[RECORD EXTRACTS Boundary: Start]
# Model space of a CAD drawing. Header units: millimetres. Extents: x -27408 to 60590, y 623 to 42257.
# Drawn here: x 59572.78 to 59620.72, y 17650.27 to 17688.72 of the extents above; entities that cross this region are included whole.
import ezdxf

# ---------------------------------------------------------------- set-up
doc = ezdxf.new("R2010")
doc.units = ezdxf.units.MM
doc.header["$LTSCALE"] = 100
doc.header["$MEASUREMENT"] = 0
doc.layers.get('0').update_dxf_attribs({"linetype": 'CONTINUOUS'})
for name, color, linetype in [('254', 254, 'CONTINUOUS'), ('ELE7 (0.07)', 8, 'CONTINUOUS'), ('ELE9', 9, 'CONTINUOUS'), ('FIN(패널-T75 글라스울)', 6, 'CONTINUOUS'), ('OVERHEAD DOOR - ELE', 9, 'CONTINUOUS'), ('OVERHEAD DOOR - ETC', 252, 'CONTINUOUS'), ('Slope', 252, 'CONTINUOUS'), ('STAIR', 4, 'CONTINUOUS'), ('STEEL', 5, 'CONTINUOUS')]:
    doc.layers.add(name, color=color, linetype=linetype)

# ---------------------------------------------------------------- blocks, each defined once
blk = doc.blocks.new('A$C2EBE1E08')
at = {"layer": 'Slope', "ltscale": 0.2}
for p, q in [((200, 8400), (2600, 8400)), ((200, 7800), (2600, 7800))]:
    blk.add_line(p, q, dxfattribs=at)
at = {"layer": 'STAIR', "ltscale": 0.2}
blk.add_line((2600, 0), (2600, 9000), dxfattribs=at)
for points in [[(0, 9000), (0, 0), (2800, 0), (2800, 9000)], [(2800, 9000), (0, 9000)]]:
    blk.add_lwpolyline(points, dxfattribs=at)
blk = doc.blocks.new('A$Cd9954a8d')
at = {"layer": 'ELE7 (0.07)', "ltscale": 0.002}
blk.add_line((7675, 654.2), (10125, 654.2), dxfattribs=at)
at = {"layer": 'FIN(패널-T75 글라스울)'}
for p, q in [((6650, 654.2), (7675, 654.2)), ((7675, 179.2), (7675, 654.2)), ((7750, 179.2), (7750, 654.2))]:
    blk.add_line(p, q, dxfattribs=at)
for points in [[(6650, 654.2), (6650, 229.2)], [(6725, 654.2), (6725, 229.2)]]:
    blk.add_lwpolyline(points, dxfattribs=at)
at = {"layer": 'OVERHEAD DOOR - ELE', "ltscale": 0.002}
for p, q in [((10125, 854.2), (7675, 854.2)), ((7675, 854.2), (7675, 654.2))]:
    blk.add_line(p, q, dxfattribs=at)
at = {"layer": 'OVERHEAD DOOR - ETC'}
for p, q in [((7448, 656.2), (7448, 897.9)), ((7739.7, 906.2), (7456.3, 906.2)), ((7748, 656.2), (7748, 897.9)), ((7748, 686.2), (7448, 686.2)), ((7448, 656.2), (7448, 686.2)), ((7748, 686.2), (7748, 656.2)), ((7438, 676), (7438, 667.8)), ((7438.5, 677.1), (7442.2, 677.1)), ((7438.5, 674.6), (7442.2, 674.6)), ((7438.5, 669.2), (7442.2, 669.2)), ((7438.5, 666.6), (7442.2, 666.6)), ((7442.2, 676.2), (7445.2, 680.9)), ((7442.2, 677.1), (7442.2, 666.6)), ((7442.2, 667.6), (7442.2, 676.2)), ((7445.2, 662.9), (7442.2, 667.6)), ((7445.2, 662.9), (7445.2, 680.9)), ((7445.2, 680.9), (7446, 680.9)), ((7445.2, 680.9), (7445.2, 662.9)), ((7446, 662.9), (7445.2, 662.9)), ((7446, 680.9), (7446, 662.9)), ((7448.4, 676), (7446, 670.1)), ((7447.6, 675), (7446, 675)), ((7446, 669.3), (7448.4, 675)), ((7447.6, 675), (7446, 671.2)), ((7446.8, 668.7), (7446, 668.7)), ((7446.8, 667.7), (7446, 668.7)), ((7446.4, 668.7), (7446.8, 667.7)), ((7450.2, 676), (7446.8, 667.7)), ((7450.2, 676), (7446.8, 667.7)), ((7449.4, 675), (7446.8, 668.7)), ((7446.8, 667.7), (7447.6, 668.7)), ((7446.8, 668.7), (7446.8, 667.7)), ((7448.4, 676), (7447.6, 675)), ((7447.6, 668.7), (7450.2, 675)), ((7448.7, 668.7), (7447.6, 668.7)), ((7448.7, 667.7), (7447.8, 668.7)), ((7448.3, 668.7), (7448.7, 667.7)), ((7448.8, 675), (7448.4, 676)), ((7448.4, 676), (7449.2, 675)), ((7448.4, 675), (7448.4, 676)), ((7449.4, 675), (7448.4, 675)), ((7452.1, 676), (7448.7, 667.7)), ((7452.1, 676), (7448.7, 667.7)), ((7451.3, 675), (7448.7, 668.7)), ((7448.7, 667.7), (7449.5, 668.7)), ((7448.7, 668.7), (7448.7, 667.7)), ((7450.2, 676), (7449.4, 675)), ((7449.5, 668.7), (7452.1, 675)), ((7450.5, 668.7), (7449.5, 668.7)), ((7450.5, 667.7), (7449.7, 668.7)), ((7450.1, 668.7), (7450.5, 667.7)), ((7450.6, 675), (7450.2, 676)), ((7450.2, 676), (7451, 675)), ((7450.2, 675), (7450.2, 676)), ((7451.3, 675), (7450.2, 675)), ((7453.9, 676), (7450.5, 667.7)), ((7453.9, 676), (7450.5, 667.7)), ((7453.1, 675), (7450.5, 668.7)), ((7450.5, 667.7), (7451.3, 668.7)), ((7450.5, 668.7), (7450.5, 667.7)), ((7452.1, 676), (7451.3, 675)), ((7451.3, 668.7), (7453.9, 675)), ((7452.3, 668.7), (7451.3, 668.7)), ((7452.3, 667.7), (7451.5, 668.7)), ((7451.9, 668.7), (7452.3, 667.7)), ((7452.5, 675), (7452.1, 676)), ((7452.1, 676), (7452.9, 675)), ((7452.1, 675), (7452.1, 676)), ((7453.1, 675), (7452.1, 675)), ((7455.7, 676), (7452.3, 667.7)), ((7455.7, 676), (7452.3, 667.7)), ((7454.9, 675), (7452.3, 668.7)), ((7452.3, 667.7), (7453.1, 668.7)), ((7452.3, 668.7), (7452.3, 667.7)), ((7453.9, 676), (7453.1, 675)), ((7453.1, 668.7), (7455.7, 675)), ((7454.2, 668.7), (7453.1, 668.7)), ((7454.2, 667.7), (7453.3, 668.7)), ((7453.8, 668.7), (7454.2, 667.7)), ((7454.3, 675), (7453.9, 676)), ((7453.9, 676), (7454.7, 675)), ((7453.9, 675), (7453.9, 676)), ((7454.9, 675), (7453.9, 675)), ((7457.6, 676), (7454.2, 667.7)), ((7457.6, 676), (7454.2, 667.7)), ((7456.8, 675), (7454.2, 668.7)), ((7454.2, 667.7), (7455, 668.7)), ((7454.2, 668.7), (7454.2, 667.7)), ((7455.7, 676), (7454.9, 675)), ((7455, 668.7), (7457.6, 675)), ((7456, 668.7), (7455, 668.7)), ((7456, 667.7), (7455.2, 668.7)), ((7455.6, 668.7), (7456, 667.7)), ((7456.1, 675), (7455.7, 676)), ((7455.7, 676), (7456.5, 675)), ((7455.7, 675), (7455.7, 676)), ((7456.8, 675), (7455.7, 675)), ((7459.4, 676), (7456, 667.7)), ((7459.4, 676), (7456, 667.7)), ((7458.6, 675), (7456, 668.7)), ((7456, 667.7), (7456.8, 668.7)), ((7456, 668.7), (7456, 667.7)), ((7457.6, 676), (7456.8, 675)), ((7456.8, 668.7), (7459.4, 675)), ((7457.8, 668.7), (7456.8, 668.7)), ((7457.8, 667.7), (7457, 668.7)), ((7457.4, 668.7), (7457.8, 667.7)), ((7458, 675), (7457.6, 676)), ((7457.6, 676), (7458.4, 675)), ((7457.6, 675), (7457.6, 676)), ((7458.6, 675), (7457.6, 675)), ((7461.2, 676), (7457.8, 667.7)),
[RECORD EXTRACTS Boundary: End]
WORK ITEM:
Read the records above. Show each line that has the string "points".

OUTPUT OF THE TASK:
for points in [[(0, 9000), (0, 0), (2800, 0), (2800, 9000)], [(2800, 9000), (0, 9000)]]:
    blk.add_lwpolyline(points, dxfattribs=at)
for points in [[(6650, 654.2), (6650, 229.2)], [(6725, 654.2), (6725, 229.2)]]:
    blk.add_lwpolyline(points, dxfattribs=at)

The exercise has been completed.